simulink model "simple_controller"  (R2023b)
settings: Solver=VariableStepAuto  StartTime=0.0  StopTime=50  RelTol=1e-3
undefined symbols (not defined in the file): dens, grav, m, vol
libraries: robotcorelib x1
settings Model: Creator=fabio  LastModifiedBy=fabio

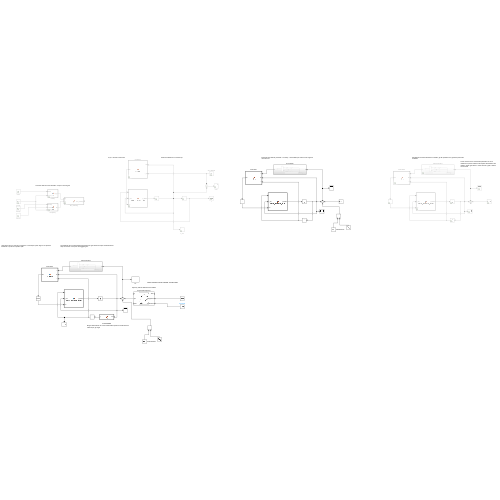
[thumbnail: Simulink's stored preview of the top-level diagram]
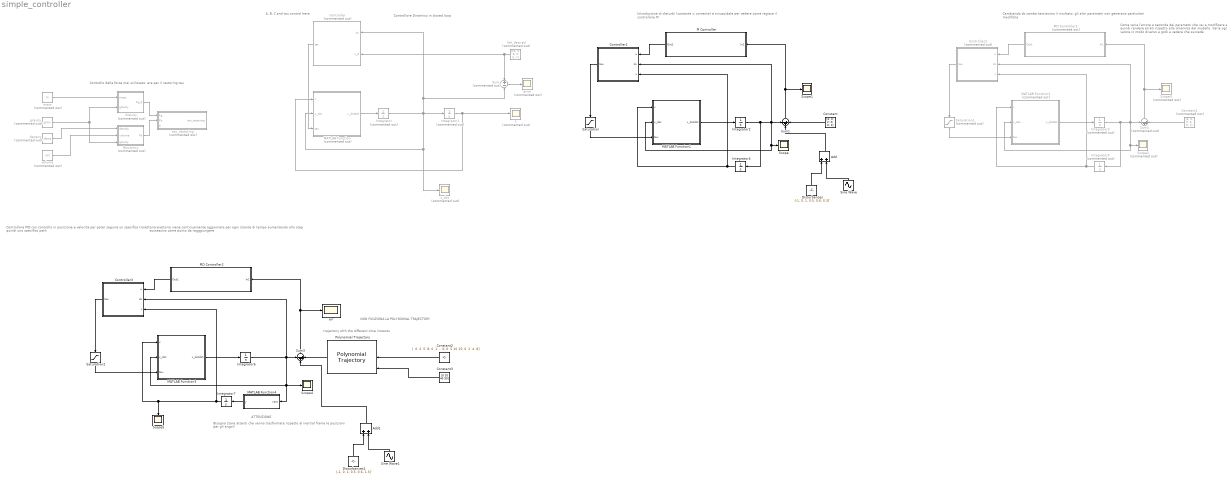
== system simple_controller ==
  note: NON FUNZIONA LA POLYNOMIAL TRAJECTORY
  note: Bisogna stare attenti che vanno trasformate rispetto al inertial frame le posizioni per gli angoli
  note: ATTENZIONE
  note: trajectory with the different time instants
  note: La traiettoria viene continuamente aggiornata per ogni istante di tempo aumentando allo step successivo come punto da ragggiungere
  note: Cambiando zb camba tantissimo il risultato, gli altri paramteri non generano particolari modifiche
  note: Controllore PID con controllo in posizione e velocità per poter seguire un specifica traiettoria e quindi uno specifico path
  note: Controllo delle forze mai utilizzato. era per il restoring tau
  note: Controllore Dinamico in closed loop
  note: Introduzione di disturbi (costante = corrente) e sinusoidale per vedere come regisce il controllore PI
  note: Come varia l'errore a seconda dei parametri che vai a modificare e quindi rendere errati rispetto alla dinamica del modello. Varia ogni valore in modo diverso e godi a vedere che succede
  note: A, B, C and tau control here
  Add : Sum
  Add1 : Sum
  Bouyancy : MATLAB Function  Commented=on  TreatAsAtomicUnit=on
  Constant : Constant  Value=[3; 0; 2; 0; 0; 1]
  Constant1 : Constant  Commented=on  Value=[3; 0; 2; 0; 0; 1]
  Constant2 : Constant  Value="[  0  2  5  8; 0  1  3  6; 0  0  1  2;  0  0 0 0; 0  5 10 15; 0  2  4  8]"
  Constant3 : Constant  Value=[0 20 40 50]
  Controller : MATLAB Function  Commented=on  TreatAsAtomicUnit=on
  Controller1 : MATLAB Function  TreatAsAtomicUnit=on
  Controller2 : MATLAB Function  Commented=on  TreatAsAtomicUnit=on
  Controller3 : MATLAB Function  TreatAsAtomicUnit=on
  Disturbances : Constant  Value=[-1, 0, 1, 0.5, 0.6, 0.3]'
  Disturbances1 : Constant  Value=[-1, 0, 1, 0.5, 0.6, 1.3]'
  Gravity : MATLAB Function  Commented=on  TreatAsAtomicUnit=on
  Integrator{,1,3,5} (4 alike) : Integrator  Commented=on
  Integrator{2,4,6..7} (4 alike) : Integrator
  MATLAB Function : MATLAB Function  Commented=on  TreatAsAtomicUnit=on
  MATLAB Function1 : MATLAB Function  TreatAsAtomicUnit=on
  MATLAB Function2 : MATLAB Function  Commented=on  TreatAsAtomicUnit=on
  MATLAB Function3 : MATLAB Function  TreatAsAtomicUnit=on
  MATLAB Function4 : MATLAB Function  TreatAsAtomicUnit=on
  PI Controller : Subsystem
  PID Controller1 : Subsystem  Commented=on
  PID Controller2 : Subsystem
  Polynomial Trajectory : robotcorelib/Polynomial Trajectory  WaypointSource=External  Waypoints="[  0  2  5  8; 0  1  3  6; 0  0  1  2;  0  0 0 0; 0  5 10 15; 0  2  4  8]"  TimePoints=[0 2 4 6]  TimeInterval=[ 1, 4 ]  Method=Quintic Polynomial  ParameterSource=Internal  VelocityBoundaryCondition=zeros(6,4)  AccelerationBoundaryCondition=zeros(6,4 )  SimulateUsing=Interpreted execution
  Saturation : Saturate  UpperLimit=20000  LowerLimit=-20000
  Saturation1 : Saturate  Commented=on  UpperLimit=20000  LowerLimit=-20000
  Saturation2 : Saturate  UpperLimit=20000  LowerLimit=-20000
  Scope{,1,4..5} (4 alike) : Scope
  Scope2 : Scope  Commented=on
  Scope3 : Scope  Commented=on
  Sine Wave : Sin  Amplitude=0.1  Frequency=0.05  SampleTime=0
  Sine Wave1 : Sin  Amplitude=0.5  Frequency=0.05  SampleTime=0
  Sum : Sum  Commented=on  Inputs=+-
  Sum1 : Sum  Inputs=-++
  Sum2 : Sum  Commented=on  Inputs=-++
  Sum3 : Sum  Inputs=-++
  Vel_desired : Constant  Commented=on  Value=[10; 0; 9; 0; 0; 7]
  density : Constant  Commented=on  Value=dens
  err : Scope
  error : Scope  Commented=on
  gravity : Constant  Commented=on  Value=grav
  mass : Constant  Commented=on  Value=m
  tau_restoring : MATLAB Function  Commented=on  TreatAsAtomicUnit=on
  volume : Constant  Commented=on  Value=vol
  x : Scope  Commented=on
  x_dot : Scope  Commented=on
  wires:
  MATLAB Function/1(x_dotdot) -> Integrator/1
  Integrator/1 -> Controller/1(dx), Sum/2, MATLAB Function/2(x_dot), x_dot/1, Integrator1/1
  Integrator1/1 -> MATLAB Function/1(x), x/1
  gravity/1 -> Bouyancy/3(gravity), Gravity/2(gravity)
  volume/1 -> Bouyancy/2(volume)
  density/1 -> Bouyancy/1(density)
  mass/1 -> Gravity/1(mass)
  Gravity/1(Fg_b) -> tau_restoring/1(Fg)
  Bouyancy/1(Fb) -> tau_restoring/2(Fb)
  Vel_desired/1 -> Sum/1, Controller/2(v_d)
  Sum/1 -> error/1
  Controller/1(tau) -> MATLAB Function/3(tau)
  MATLAB Function1/1(x_dotdot) -> Integrator2/1
  Integrator2/1 -> Integrator4/1, MATLAB Function1/2(x_dot), Scope/1, Controller1/2(dx), Sum1/1
  Integrator4/1 -> Controller1/3(x), MATLAB Function1/1(x)
  Sum1/1 -> PI Controller/1(In1), Scope1/1
  PI Controller/1(Out1) -> Controller1/1(u)
  Constant/1 -> Sum1/3
  Controller1/1(tau) -> Saturation/1
  Saturation/1 -> MATLAB Function1/3(tau)
  Add/1 -> Sum1/2
  Disturbances/1 -> Add/1
  Sine Wave/1 -> Add/2
  Constant1/1 -> Sum2/3
  Saturation1/1 -> MATLAB Function2/3(tau)
  Integrator3/1 -> Integrator5/1, MATLAB Function2/2(x_dot), Scope2/1, Controller2/2(dx), Sum2/1
  Sum2/1 -> PID Controller1/1(In1), Scope3/1
  Controller2/1(tau) -> Saturation1/1
  MATLAB Function2/1(x_dotdot) -> Integrator3/1
  PID Controller1/1(Out1) -> Controller2/1(u)
  Integrator5/1 -> Controller2/3(x), MATLAB Function2/1(x)
  Saturation2/1 -> MATLAB Function3/3(tau)
  Integrator6/1 -> MATLAB Function4/1(vect), MATLAB Function3/2(x_dot), Scope4/1, Controller3/2(dx), Sum3/1
  PID Controller2/1(Out1) -> Controller3/1(u)
  MATLAB Function3/1(x_dotdot) -> Integrator6/1
  Integrator7/1 -> Controller3/3(x), MATLAB Function3/1(x), Scope5/1
  Controller3/1(tau) -> Saturation2/1
  Sum3/1 -> PID Controller2/1(In1), err/1
  Add1/1 -> Sum3/2
  Disturbances1/1 -> Add1/1
  Sine Wave1/1 -> Add1/2
  MATLAB Function4/1(y) -> Integrator7/1
  Polynomial Trajectory/2 -> Sum3/3
  Constant2/1 -> Polynomial Trajectory/2
  Constant3/1 -> Polynomial Trajectory/3

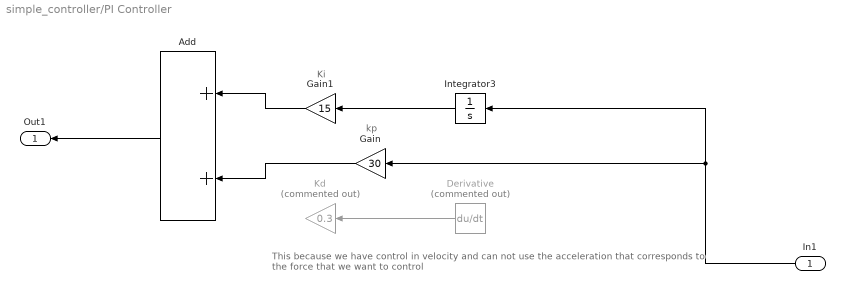
== system simple_controller/PI Controller ==
  note: This because we have control in velocity and can not use the acceleration that corresponds to the force that we want to control
  note: Ki
  note: kp
  In1 : Inport
  Add : Sum
  Derivative : Derivative  Commented=on
  Gain : Gain  Gain=30
  Gain1 : Gain  Gain=15
  Integrator3 : Integrator
  Kd : Gain  Commented=on  Gain=0.3
  Out1 : Outport
  wires:
  Derivative/1 -> Kd/1
  Gain/1 -> Add/2
  Integrator3/1 -> Gain1/1
  In1/1 -> Integrator3/1, Gain/1
  Add/1 -> Out1/1
  Gain1/1 -> Add/1

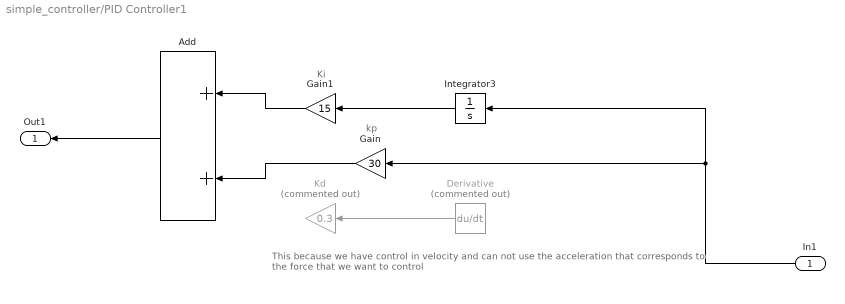
== system simple_controller/PID Controller1 ==
  note: This because we have control in velocity and can not use the acceleration that corresponds to the force that we want to control
  note: Ki
  note: kp
  In1 : Inport
  Add : Sum
  Derivative : Derivative  Commented=on
  Gain : Gain  Gain=30
  Gain1 : Gain  Gain=15
  Integrator3 : Integrator
  Kd : Gain  Commented=on  Gain=0.3
  Out1 : Outport
  wires:
  Derivative/1 -> Kd/1
  Gain/1 -> Add/2
  Integrator3/1 -> Gain1/1
  In1/1 -> Integrator3/1, Gain/1
  Add/1 -> Out1/1
  Gain1/1 -> Add/1

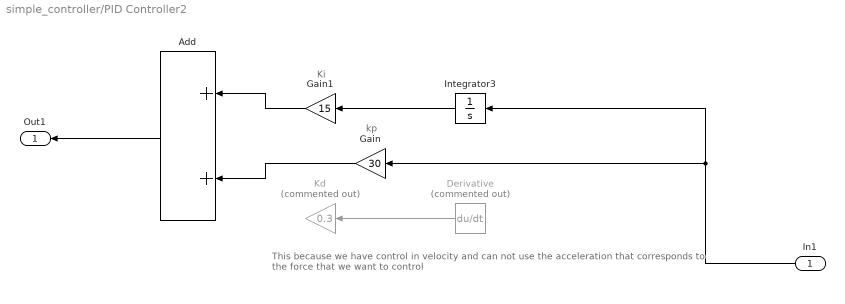
== system simple_controller/PID Controller2 ==
  note: This because we have control in velocity and can not use the acceleration that corresponds to the force that we want to control
  note: Ki
  note: kp
  In1 : Inport
  Add : Sum
  Derivative : Derivative  Commented=on
  Gain : Gain  Gain=30
  Gain1 : Gain  Gain=15
  Integrator3 : Integrator
  Kd : Gain  Commented=on  Gain=0.3
  Out1 : Outport
  wires:
  Derivative/1 -> Kd/1
  Gain/1 -> Add/2
  Integrator3/1 -> Gain1/1
  In1/1 -> Integrator3/1, Gain/1
  Add/1 -> Out1/1
  Gain1/1 -> Add/1

== matlab function simple_controller/MATLAB Function3 ==
  data: x input; x_dot input; tau input; x_dotdot output
function x_dotdot = vehicle_dynamics_matrix(x, x_dot, tau)
    m = 4000;
    B = 39200;
    I = diag([2507, 1367, 2660]);
    zb = -0.36;

    % Added mass
    tau_a = [-290; -310; -535; -89; -137; -95];

    % Restoring forces
    tau_r = [-360; -420; -400; -60; -130; -110];

    % Hydrodynamic forces
    tau_d = [-805; -1930; -1650; -304; -658; -555];

    % Virtual mass
    mv = [m; m; m; I(1,1); I(2,2); I(3,3)] - tau_a;

    % Dissatipative forces
    dv = -tau_r - tau_d .* abs(x_dot);

    % Accelerations
    x_dotdot = zeros(6,1);
    
    x_dotdot(1) = (tau(1) + mv(2)*x_dot(2)*x_dot(6) - mv(3)*x_dot(3)*x_dot(5) - dv(1)*x_dot(1)) / mv(1); 
    x_dotdot(2) = (tau(2) - mv(1)*x_dot(1)*x_dot(6) + mv(3)*x_dot(3)*x_dot(4) - dv(2)*x_dot(2)) / mv(2);
    x_dotdot(3) = (tau(3) + mv(1)*x_dot(1)*x_dot(5) - mv(2)*x_dot(2)*x_dot(4) - dv(3)*x_dot(3)) / mv(3);
    x_dotdot(4) = (tau(4) + (mv(2) - mv(3))*x_dot(2)*x_dot(3) + (mv(5) - mv(6))*x_dot(5)*x_dot(6) - dv(4)*x_dot(4) - zb*B*cos(x(5))*sin(x(4))) / mv(4);
    x_dotdot(5) = (tau(5) - (mv(1) - mv(3))*x_dot(1)*x_dot(3) - (mv(4) - mv(6))*x_dot(4)*x_dot(6) - dv(5)*x_dot(5) + zb*B*sin(x(5))) / mv(5);
    x_dotdot(6) = (tau(6) + (mv(1) - mv(2))*x_dot(1)*x_dot(2) + (mv(4) - mv(5))*x_dot(4)*x_dot(5) - dv(6)*x_dot(6)) / mv(6);
end

== matlab function simple_controller/MATLAB Function4 ==
  data: y output; vect input
function y = mapping(vect)
    % Transformation from body farme to inertial frame of velocities
    p = vect(4:6);
    Jacobian = zeros(6,6);
    Jacobian(1:3, 1:3) = [cos(p(3))*cos(p(2)), -sin(p(3))*cos(p(1))+cos(p(3))*sin(p(2))*sin(p(1)), sin(p(3))*sin(p(1))+cos(p(3))*sin(p(2))*cos(p(1)); ...
                    sin(p(3))*cos(p(2)), cos(p(3))*cos(p(1))+sin(p(3))*sin(p(2))*sin(p(1)), -cos(p(3))*sin(p(2))*cos(p(1)); ...
                    -sin(p(2)), cos(p(2))*sin(p(1)), cos(p(2))*cos(p(1))];
    Jacobian(4:6, 4:6) = [1, sin(p(1))*tan(p(2)), cos(p(1))*tan(p(2));
                        0, cos(p(1)), -sin(p(1));
                        0, sin(p(1))/cos(p(2)), cos(p(1))/cos(p(2))];
    y = Jacobian * vect;
end

== matlab function simple_controller/Gravity ==
  data: mass input; Fg_b output; gravity input
function Fg_b = fcn(mass, gravity)
    Fg = mass * gravity;
    p = pos(4:6);
    rotation = [cos(p(3))*cos(p(2)), -sin(p(3))*cos(p(1))+cos(p(3))*sin(p(2))*sin(p(1)), sin(p(3))*sin(p(1))+cos(p(3))*sin(p(2))*cos(p(1)); ...
                sin(p(3))*cos(p(2)), cos(p(3))*cos(p(1))+sin(p(3))*sin(p(2))*sin(p(1)), -cos(p(3))*sin(p(2))*cos(p(1)); ...
                -sin(p(2)), cos(p(2))*sin(p(1)), cos(p(2))*cos(p(1))];
    Fg_b = (rotation)' * Fg;
end

== matlab function simple_controller/MATLAB Function ==
  data: x input; x_dot input; tau input; x_dotdot output
function x_dotdot = vehicle_dynamics_matrix(x, x_dot, tau)
    m = 4000;
    B = 39200;
    I = diag([2507, 1367, 2660]);
    zb = -0.36;

    % Added mass
    tau_a = [-290; -310; -535; -89; -137; -95];

    % Restoring forces
    tau_r = [-360; -420; -400; -60; -130; -110];

    % Hydrodynamic forces
    tau_d = [-805; -1930; -1650; -304; -658; -555];

    % Virtual mass
    mv = [m; m; m; I(1,1); I(2,2); I(3,3)] - tau_a;

    % Dissatipative forces
    dv = -tau_r - tau_d .* abs(x_dot);

    % Accelerations
    x_dotdot = zeros(6,1);
    
    x_dotdot(1) = (tau(1) + mv(2)*x_dot(2)*x_dot(6) - mv(3)*x_dot(3)*x_dot(5) - dv(1)*x_dot(1)) / mv(1); 
    x_dotdot(2) = (tau(2) - mv(1)*x_dot(1)*x_dot(6) + mv(3)*x_dot(3)*x_dot(4) - dv(2)*x_dot(2)) / mv(2);
    x_dotdot(3) = (tau(3) + mv(1)*x_dot(1)*x_dot(5) - mv(2)*x_dot(2)*x_dot(4) - dv(3)*x_dot(3)) / mv(3);
    x_dotdot(4) = (tau(4) + (mv(2) - mv(3))*x_dot(2)*x_dot(3) + (mv(5) - mv(6))*x_dot(5)*x_dot(6) - dv(4)*x_dot(4) - zb*B*cos(x(5))*sin(x(4))) / mv(4);
    x_dotdot(5) = (tau(5) - (mv(1) - mv(3))*x_dot(1)*x_dot(3) - (mv(4) - mv(6))*x_dot(4)*x_dot(6) - dv(5)*x_dot(5) + zb*B*sin(x(5))) / mv(5);
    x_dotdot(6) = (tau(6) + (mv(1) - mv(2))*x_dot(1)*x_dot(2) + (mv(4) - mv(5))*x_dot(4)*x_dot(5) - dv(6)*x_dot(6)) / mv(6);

• About this task
Transcribe the records above exactly, beginning at the line that contains "matlab function simple_controller/Gravity" and ending with the line that contains "p = pos(4:6);", both included, and nothing else.

• Output below
== matlab function simple_controller/Gravity ==
  data: mass input; Fg_b output; gravity input
function Fg_b = fcn(mass, gravity)
    Fg = mass * gravity;
    p = pos(4:6);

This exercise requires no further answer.